● **WHAT IS REQUIRED**
Pull every line with "diameter" from the data.

● **SUPPLIED RECORDS**
↓

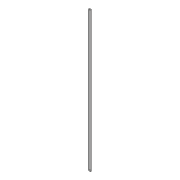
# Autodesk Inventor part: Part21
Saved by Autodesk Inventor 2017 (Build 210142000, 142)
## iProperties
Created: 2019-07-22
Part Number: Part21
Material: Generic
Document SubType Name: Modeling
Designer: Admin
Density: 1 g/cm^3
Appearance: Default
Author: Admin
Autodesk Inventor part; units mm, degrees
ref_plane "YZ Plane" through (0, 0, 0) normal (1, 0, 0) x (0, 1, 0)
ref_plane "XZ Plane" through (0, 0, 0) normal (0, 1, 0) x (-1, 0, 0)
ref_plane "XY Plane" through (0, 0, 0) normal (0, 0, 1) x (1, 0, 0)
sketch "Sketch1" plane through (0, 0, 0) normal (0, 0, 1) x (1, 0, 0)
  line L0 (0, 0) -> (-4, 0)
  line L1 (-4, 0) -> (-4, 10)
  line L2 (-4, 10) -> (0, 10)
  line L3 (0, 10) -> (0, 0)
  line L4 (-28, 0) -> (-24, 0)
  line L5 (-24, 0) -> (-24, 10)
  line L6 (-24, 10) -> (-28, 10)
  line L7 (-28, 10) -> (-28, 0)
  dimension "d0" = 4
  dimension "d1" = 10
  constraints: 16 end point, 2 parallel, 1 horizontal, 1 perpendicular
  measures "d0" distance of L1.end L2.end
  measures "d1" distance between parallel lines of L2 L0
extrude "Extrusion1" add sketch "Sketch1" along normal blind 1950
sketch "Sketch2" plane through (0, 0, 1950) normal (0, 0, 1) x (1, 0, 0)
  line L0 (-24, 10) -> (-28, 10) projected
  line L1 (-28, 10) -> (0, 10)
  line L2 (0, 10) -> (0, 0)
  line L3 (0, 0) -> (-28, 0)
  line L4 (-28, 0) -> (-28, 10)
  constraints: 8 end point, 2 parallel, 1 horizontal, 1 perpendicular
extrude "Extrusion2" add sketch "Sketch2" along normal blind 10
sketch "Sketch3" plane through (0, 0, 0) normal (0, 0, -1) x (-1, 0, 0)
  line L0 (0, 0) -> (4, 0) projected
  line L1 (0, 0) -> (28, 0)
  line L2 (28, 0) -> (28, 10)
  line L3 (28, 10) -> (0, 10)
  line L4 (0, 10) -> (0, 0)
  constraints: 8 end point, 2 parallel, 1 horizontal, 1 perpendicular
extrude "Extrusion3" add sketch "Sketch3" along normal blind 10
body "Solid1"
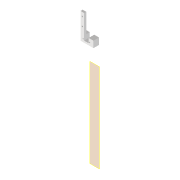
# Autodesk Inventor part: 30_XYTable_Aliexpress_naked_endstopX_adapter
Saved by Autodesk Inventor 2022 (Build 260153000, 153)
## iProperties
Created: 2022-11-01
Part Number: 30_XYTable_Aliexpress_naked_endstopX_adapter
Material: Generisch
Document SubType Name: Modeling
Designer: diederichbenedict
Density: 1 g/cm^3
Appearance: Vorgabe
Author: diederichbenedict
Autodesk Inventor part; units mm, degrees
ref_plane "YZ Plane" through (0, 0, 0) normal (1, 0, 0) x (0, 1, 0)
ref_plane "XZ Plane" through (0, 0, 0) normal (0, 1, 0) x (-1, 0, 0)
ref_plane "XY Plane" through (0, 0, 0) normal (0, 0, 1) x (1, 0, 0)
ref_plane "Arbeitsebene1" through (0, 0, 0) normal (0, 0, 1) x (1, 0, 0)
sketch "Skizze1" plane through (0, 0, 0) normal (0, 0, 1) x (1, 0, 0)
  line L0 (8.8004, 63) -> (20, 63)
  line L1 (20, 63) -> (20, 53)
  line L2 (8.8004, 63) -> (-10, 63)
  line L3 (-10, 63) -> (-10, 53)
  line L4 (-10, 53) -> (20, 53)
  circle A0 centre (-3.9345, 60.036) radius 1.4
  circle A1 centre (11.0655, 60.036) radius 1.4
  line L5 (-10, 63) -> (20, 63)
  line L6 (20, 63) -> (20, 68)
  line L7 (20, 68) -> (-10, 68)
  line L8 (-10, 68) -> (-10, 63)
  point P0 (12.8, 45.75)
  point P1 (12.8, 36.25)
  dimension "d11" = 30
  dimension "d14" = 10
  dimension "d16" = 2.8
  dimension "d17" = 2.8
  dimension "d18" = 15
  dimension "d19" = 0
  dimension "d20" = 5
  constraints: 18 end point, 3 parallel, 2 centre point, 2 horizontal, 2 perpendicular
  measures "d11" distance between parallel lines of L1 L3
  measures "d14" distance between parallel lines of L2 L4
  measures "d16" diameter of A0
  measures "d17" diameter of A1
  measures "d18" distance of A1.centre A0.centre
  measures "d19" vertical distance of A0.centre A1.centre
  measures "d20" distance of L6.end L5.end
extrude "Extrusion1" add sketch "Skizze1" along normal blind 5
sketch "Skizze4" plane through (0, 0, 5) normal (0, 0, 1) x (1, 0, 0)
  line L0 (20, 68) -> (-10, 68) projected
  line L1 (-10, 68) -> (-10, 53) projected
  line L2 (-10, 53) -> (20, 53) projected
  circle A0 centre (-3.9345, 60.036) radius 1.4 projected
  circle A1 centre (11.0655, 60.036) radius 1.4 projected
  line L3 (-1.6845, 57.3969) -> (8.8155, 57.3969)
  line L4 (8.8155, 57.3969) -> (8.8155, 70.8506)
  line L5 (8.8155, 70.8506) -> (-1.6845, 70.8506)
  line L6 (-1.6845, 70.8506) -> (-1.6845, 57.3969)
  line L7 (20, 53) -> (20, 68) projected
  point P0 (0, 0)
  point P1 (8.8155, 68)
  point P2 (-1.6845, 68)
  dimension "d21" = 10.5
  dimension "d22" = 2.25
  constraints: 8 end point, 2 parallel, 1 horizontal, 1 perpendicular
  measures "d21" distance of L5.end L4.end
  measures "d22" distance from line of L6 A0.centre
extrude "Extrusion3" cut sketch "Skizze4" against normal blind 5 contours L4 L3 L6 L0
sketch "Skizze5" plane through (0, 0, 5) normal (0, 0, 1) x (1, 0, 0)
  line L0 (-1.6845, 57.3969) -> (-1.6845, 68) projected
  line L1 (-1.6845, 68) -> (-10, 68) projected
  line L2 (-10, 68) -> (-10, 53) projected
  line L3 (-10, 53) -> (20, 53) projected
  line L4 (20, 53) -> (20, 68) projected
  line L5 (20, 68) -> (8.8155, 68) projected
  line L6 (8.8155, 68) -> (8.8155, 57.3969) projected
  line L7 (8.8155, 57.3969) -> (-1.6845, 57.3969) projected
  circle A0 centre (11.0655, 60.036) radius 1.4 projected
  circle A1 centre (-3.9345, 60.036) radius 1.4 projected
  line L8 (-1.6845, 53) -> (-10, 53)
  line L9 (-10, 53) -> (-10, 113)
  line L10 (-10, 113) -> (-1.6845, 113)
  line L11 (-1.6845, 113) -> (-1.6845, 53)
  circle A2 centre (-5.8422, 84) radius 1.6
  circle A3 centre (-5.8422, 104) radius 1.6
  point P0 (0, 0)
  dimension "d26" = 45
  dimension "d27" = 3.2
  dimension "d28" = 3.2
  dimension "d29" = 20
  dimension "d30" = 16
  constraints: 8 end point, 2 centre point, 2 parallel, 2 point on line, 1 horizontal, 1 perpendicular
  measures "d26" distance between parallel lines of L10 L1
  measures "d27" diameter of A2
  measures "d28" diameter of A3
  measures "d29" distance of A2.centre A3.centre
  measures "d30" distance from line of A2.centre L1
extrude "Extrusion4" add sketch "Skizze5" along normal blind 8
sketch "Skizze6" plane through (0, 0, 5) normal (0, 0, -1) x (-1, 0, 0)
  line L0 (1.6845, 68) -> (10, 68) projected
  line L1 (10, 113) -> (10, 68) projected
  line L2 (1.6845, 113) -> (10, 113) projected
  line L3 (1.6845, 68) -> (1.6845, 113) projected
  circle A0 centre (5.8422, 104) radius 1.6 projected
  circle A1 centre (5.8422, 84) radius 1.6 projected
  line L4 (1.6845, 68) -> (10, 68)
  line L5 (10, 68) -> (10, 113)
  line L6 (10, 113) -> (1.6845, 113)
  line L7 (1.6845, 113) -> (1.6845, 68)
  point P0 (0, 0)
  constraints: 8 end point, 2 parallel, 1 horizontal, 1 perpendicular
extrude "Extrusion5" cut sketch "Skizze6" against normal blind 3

↑

● **ANSWER TO THIS PROBLEM**
  measures "d16" diameter of A0
  measures "d17" diameter of A1
  measures "d27" diameter of A2
  measures "d28" diameter of A3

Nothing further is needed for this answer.